A Christmas Carol

It's a Jim Carrey show all the way. You may not recognise him at first due to the CGI effects, but it doesn't take long before the Carrey charisma works its magic. He brings to life a Scrooge you've never seen -- or imagined -- before, with his ill-temper and stingy ways that almost reek of cruelty. Until one cold, wintry, Christmas eve...

Scrooge scoffs at his nephew (Colin Firth) who wants to invite him for Christmas dinner and yells at his clerk (Gary Oldman), before retiring to his desolate home on Christmas Eve. But it's not going to be an ordinary Yuletide for this grumpy old man as he gets hauled up by three ghosts who hold up a mirror to his meanness. Repelled by his anti-social ways, Scrooge, the archetypal misanthrope, metamorphoses into the biggest humanitarian, overnight. He not only re-builds fences with his nephew and neighbours, but he also sends the biggest turkey in town to his impoverished clerk's family. Apart from raising his salary of course...

Loads of special effects and a story that has stood the test of time: Christmas Carol is Carrey revisited.
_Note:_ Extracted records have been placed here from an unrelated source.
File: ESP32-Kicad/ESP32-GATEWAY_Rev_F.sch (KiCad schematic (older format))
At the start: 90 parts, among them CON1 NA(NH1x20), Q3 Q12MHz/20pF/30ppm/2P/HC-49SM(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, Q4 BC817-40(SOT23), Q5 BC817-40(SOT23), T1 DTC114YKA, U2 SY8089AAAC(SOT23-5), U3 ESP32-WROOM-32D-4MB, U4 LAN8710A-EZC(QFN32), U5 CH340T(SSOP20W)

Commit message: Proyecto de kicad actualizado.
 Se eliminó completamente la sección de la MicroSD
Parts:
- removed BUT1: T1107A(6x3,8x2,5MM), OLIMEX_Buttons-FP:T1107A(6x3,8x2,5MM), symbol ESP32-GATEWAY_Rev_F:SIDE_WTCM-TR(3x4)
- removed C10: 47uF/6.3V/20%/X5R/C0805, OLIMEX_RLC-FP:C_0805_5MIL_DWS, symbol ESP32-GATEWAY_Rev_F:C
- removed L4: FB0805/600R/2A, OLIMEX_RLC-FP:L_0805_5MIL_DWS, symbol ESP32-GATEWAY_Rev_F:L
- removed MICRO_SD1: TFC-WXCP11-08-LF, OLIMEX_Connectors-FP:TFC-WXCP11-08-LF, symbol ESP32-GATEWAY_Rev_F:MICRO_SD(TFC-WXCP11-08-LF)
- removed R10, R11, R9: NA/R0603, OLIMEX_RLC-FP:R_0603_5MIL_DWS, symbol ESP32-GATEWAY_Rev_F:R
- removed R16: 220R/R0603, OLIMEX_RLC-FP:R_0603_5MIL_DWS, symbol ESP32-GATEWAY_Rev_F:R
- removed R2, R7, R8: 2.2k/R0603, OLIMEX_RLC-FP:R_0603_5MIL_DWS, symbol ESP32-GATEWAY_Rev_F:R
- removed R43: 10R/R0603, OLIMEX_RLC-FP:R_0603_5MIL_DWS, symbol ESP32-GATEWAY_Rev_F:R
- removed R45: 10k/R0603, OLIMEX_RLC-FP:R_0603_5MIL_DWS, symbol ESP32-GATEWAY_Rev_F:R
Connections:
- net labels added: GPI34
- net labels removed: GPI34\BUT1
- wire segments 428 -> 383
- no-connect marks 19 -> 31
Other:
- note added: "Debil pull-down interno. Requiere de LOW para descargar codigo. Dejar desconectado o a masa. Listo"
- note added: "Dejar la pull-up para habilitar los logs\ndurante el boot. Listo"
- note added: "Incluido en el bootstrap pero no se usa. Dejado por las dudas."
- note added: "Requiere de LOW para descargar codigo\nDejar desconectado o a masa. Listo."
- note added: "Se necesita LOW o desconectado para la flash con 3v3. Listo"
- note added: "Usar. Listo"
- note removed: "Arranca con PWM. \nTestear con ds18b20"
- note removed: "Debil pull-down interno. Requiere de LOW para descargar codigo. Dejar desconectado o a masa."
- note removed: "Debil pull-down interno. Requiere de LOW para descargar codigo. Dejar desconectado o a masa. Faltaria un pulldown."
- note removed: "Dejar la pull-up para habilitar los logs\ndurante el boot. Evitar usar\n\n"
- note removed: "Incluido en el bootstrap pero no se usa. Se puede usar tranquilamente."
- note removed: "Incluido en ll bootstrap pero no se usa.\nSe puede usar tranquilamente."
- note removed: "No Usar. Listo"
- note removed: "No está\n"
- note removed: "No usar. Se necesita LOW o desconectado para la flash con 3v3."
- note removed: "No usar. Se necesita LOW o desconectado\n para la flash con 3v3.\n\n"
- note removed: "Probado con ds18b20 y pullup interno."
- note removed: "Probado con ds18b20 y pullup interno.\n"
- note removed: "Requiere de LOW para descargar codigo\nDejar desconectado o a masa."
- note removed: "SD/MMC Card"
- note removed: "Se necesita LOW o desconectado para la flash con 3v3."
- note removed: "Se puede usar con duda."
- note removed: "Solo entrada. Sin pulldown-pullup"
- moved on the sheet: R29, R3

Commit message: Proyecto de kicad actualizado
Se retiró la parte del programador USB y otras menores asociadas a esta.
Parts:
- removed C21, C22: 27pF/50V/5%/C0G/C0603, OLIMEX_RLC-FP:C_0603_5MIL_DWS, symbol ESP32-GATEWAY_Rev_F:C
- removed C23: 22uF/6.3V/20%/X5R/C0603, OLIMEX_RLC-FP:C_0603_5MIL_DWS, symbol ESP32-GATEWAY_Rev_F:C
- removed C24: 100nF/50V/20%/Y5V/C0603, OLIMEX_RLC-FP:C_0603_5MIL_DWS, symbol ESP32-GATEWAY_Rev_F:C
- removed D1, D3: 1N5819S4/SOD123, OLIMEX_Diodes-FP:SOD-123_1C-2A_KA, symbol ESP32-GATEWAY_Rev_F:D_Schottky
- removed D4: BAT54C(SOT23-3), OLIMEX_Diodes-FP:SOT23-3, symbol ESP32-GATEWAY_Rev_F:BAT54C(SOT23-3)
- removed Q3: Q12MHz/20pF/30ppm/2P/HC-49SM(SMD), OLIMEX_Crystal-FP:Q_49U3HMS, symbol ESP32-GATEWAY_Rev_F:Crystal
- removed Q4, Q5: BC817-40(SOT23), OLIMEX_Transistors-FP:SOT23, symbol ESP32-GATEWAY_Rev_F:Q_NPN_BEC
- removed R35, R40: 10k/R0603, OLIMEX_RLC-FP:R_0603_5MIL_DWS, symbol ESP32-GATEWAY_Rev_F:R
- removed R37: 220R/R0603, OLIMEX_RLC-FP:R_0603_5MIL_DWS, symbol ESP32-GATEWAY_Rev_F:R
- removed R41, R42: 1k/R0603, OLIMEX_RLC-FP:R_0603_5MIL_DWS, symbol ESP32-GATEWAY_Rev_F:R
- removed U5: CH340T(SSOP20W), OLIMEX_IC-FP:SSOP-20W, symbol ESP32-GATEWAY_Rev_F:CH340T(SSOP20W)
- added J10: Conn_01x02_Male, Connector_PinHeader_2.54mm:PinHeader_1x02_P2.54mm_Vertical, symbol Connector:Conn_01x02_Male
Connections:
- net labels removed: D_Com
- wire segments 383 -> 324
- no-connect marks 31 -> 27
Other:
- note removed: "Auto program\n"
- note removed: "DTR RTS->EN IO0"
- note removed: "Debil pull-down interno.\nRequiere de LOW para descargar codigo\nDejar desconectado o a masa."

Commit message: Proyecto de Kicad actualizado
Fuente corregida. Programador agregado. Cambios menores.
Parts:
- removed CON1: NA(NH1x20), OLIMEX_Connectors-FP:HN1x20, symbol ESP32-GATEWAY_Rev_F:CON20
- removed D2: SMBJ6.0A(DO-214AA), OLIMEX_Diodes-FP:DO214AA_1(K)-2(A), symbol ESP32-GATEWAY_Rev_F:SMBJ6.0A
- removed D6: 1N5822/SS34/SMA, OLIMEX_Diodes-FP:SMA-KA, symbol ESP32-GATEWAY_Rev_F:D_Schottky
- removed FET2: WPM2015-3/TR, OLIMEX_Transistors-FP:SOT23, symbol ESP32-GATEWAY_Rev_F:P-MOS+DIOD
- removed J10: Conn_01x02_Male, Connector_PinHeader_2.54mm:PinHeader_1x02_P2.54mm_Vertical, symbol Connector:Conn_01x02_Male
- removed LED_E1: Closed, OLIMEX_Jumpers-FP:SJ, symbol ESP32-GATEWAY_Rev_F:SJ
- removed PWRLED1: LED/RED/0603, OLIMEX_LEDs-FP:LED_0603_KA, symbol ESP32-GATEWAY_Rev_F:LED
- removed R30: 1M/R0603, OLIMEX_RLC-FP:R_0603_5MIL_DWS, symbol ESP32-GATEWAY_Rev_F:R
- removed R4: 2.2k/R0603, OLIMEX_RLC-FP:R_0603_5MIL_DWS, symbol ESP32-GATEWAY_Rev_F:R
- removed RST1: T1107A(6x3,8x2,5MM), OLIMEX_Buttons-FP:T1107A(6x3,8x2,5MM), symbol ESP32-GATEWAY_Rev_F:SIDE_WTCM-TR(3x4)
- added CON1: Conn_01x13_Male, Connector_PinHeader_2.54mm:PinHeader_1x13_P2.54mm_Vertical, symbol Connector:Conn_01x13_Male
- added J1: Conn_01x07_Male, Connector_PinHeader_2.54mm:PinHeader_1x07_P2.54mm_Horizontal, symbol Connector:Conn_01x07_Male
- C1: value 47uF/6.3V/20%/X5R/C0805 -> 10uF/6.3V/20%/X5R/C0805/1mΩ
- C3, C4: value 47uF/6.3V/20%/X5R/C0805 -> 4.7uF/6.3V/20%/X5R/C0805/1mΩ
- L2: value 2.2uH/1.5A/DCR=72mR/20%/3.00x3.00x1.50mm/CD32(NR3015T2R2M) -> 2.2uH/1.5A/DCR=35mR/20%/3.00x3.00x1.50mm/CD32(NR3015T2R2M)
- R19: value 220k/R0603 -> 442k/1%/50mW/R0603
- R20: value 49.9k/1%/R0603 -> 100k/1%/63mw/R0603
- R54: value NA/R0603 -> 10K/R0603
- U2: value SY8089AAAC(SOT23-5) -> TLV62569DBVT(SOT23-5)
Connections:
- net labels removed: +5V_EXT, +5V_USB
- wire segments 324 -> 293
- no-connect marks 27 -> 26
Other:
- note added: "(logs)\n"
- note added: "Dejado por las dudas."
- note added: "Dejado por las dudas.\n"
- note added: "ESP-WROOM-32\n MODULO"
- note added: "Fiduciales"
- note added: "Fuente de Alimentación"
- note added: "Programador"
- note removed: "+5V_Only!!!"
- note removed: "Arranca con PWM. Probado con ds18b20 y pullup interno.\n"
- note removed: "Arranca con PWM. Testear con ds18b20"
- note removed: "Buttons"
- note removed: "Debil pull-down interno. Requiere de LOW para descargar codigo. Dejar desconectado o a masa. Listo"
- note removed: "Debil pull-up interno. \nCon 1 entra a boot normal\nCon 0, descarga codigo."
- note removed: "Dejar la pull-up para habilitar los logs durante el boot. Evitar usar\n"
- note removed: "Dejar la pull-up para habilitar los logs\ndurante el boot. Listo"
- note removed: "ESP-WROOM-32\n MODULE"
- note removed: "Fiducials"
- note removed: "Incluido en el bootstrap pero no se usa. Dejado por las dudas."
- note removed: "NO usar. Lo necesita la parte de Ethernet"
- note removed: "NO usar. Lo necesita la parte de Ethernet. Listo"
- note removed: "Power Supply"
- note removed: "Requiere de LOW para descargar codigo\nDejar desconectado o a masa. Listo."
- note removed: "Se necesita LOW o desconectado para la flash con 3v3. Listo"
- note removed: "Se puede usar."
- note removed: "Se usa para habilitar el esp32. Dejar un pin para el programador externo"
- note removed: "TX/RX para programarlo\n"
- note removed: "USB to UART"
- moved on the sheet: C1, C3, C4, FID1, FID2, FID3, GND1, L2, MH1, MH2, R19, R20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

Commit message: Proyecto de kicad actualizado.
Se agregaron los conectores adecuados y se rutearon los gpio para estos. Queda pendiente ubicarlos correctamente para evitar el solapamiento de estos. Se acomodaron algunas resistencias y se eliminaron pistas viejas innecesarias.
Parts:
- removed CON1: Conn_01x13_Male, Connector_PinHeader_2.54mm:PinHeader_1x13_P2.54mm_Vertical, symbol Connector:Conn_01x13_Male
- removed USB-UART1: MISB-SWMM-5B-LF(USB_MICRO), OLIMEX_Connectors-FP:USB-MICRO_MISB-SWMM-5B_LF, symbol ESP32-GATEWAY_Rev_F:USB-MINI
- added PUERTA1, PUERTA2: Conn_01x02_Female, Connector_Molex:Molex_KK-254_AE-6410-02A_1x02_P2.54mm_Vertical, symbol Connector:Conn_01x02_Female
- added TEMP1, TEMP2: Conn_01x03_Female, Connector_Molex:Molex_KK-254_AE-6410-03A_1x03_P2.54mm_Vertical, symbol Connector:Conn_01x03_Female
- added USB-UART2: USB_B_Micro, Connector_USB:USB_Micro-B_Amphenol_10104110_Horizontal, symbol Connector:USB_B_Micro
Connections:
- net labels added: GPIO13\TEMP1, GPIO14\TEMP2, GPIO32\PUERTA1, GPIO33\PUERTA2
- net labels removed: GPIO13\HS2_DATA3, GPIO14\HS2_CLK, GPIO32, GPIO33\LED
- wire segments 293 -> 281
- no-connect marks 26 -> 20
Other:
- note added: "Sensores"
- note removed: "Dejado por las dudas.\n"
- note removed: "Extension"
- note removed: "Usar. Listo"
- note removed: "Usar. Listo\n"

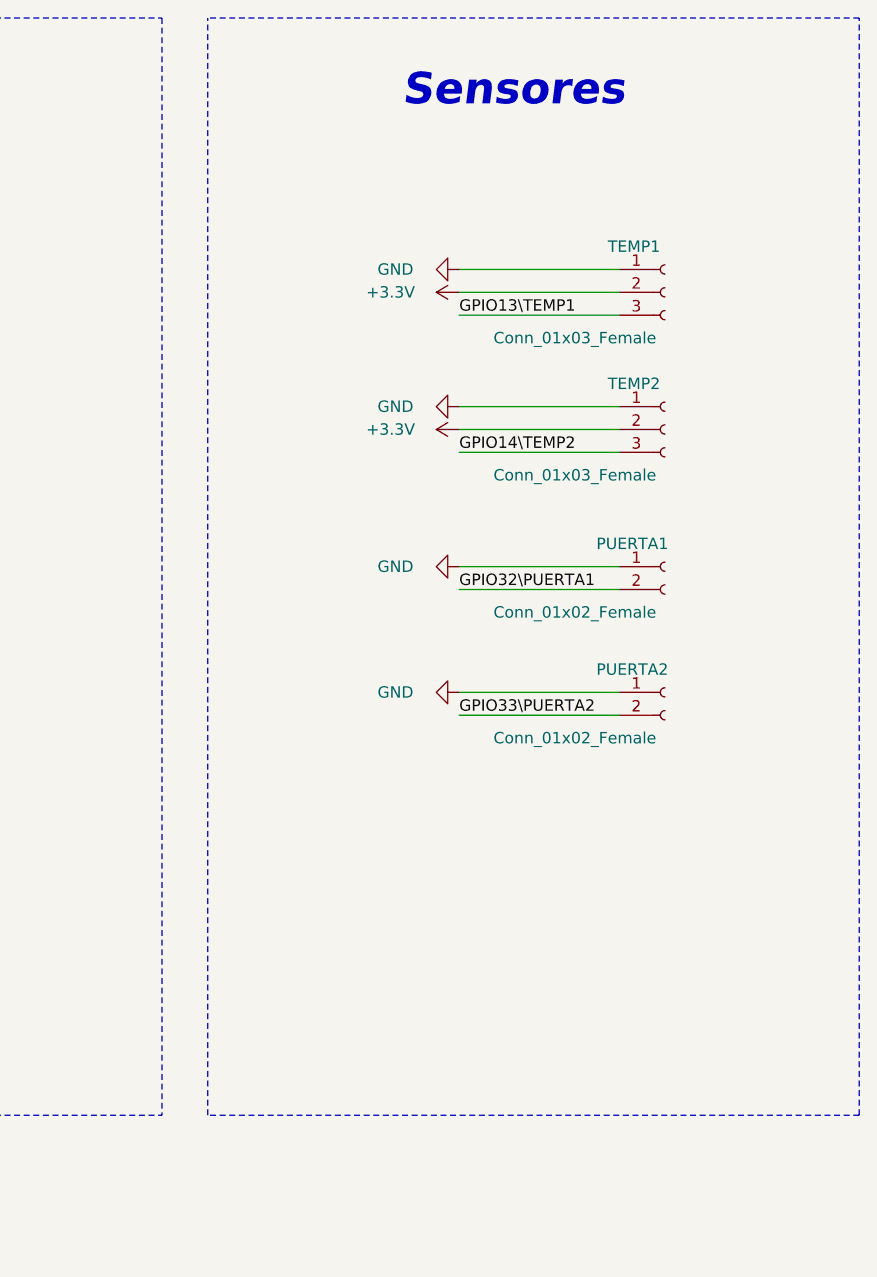
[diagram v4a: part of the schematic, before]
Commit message: Proyecto en kicad actualizado
Se modificó la posición de la pinera para programar la placa. Recolocaron los conectores de los sensores y se agregaron sus resistencias mas el modelo 3D de todo esto.
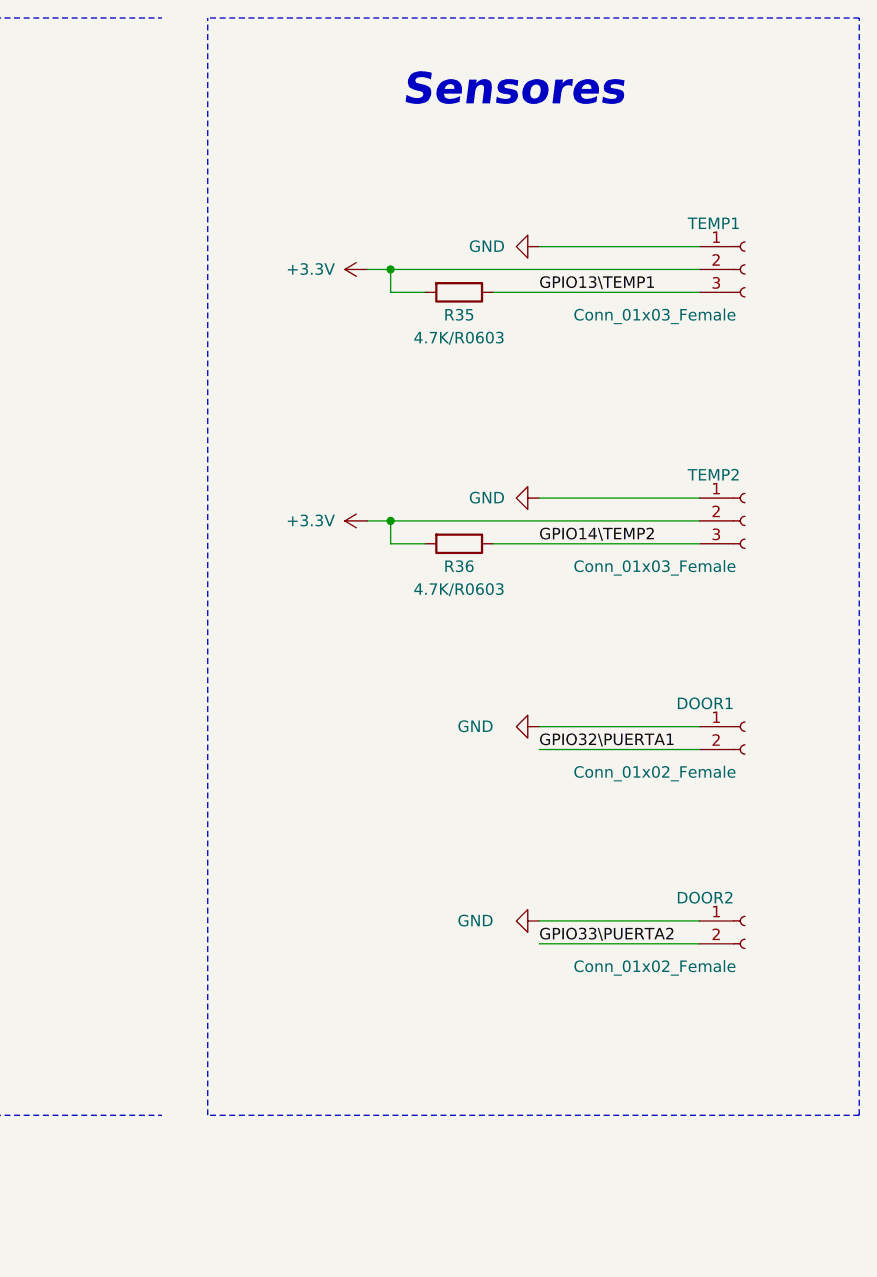
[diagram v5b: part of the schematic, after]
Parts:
- added R35, R36: 4.7K/R0603, Resistor_SMD:R_0603_1608Metric_Pad0.98x0.95mm_HandSolder, symbol Device:R
- J1: footprint Connector_PinHeader_2.54mm:PinHeader_1x07_P2.54mm_Horizontal -> Connector_PinHeader_2.54mm:PinHeader_1x07_P2.54mm_Vertical
- renumbered PUERTA1 to DOOR1, PUERTA2 to DOOR2
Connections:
- wire segments 281 -> 287
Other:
- moved on the sheet: DOOR1, DOOR2, TEMP1, TEMP2
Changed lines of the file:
@@
 F 0 "J1" H 15222 6874 50  0000 R CNN
 F 1 "Conn_01x07_Male" H 15222 6783 50  0000 R CNN
-F 2 "Connector_PinHeader_2.54mm:PinHeader_1x07_P2.54mm_Horizontal" H 15250 6850 50  0001 C CNN
+F 2 "Connector_PinHeader_2.54mm:PinHeader_1x07_P2.54mm_Vertical" H 15250 6850 50  0001 C CNN
 F 3 "~" H 15250 6850 50  0001 C CNN
 	1    15250 6850
@@
 	15050 6850 13750 6850
 Wire Notes Line
-	19550 700  19550 5500
-Wire Notes Line
 	19750 5500 19750 700
 Text Label 13750 6950 0    50   ~ 0
@@
 NoConn ~ 2000 2650
 $Comp
-L Connector:Conn_01x02_Female PUERTA1
+L Connector:Conn_01x02_Female DOOR1
 U 1 1 61288657
-P 21750 3100
-F 0 "PUERTA1" H 21450 3200 50  0000 L CNN
-F 1 "Conn_01x02_Female" H 21000 2900 50  0000 L CNN
-F 2 "Connector_Molex:Molex_KK-254_AE-6410-02A_1x02_P2.54mm_Vertical" H 21750 3100 50  0001 C CNN
-F 3 "~" H 21750 3100 50  0001 C CNN
-	1    21750 3100
-	1    0    0    -1
-$EndComp
-$Comp
-L Connector:Conn_01x02_Female PUERTA2
+P 22100 3800
+F 0 "DOOR1" H 21800 3900 50  0000 L CNN
+F 1 "Conn_01x02_Female" H 21350 3600 50  0000 L CNN
+F 2 "Connector_Molex:Molex_KK-254_AE-6410-02A_1x02_P2.54mm_Vertical" H 22100 3800 50  0001 C CNN
+F 3 "~" H 22100 3800 50  0001 C CNN
+	1    22100 3800
+	1    0    0    -1
+$EndComp
+$Comp
+L Connector:Conn_01x02_Female DOOR2
 U 1 1 6128A81D
-P 21750 3650
-F 0 "PUERTA2" H 21450 3750 50  0000 L CNN
-F 1 "Conn_01x02_Female" H 21000 3450 50  0000 L CNN
-F 2 "Connector_Molex:Molex_KK-254_AE-6410-02A_1x02_P2.54mm_Vertical" H 21750 3650 50  0001 C CNN
-F 3 "~" H 21750 3650 50  0001 C CNN
-	1    21750 3650
+P 22100 4650
+F 0 "DOOR2" H 21800 4750 50  0000 L CNN
+F 1 "Conn_01x02_Female" H 21350 4450 50  0000 L CNN
+F 2 "Connector_Molex:Molex_KK-254_AE-6410-02A_1x02_P2.54mm_Vertical" H 22100 4650 50  0001 C CNN
+F 3 "~" H 22100 4650 50  0001 C CNN
+	1    22100 4650
 	1    0    0    -1
 $EndComp
@@
 L ESP32-GATEWAY_Rev_F:GND #PWR0102
 U 1 1 6128BF60
-P 20850 3650
-F 0 "#PWR0102" H 20850 3400 50  0001 C CNN
-F 1 "GND" V 20850 3450 50  0000 R CNN
-F 2 "" H 20850 3650 60  0000 C CNN
-F 3 "" H 20850 3650 60  0000 C CNN
-	1    20850 3650
+P 21200 4650
+F 0 "#PWR0102" H 21200 4400 50  0001 C CNN
+F 1 "GND" V 21200 4450 50  0000 R CNN
+F 2 "" H 21200 4650 60  0000 C CNN
+F 3 "" H 21200 4650 60  0000 C CNN
+	1    21200 4650
 	0    1    1    0
 $EndComp
@@
 L ESP32-GATEWAY_Rev_F:GND #PWR0103
 U 1 1 612A5050
-P 20850 3100
-F 0 "#PWR0103" H 20850 2850 50  0001 C CNN
-F 1 "GND" V 20850 2900 50  0000 R CNN
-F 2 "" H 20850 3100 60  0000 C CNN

However, it's not really a children's film and is meant for diehard Dicken's fans.

A word about...

Performances: Jim Carrey is heavily made-up, yet striking both as Scrooge and the ghosts who reform Scrooge. The rest of the actors are unrecognisable too, yet they pitch in perfectly as archetypal Dicken's characters.

Dialogue: Robert Zemeckis captures the world of Charles Dickens perfectly with his screenplay and dialogues. There's an old world charm to the way Ebenezer and the rest of the characters discover the tenets of good living.

Cinematography: Robert Presley's camera deftly oscillates between the real world, peopled by the down and out and the fantasy world, brimming over with ghosts and visions.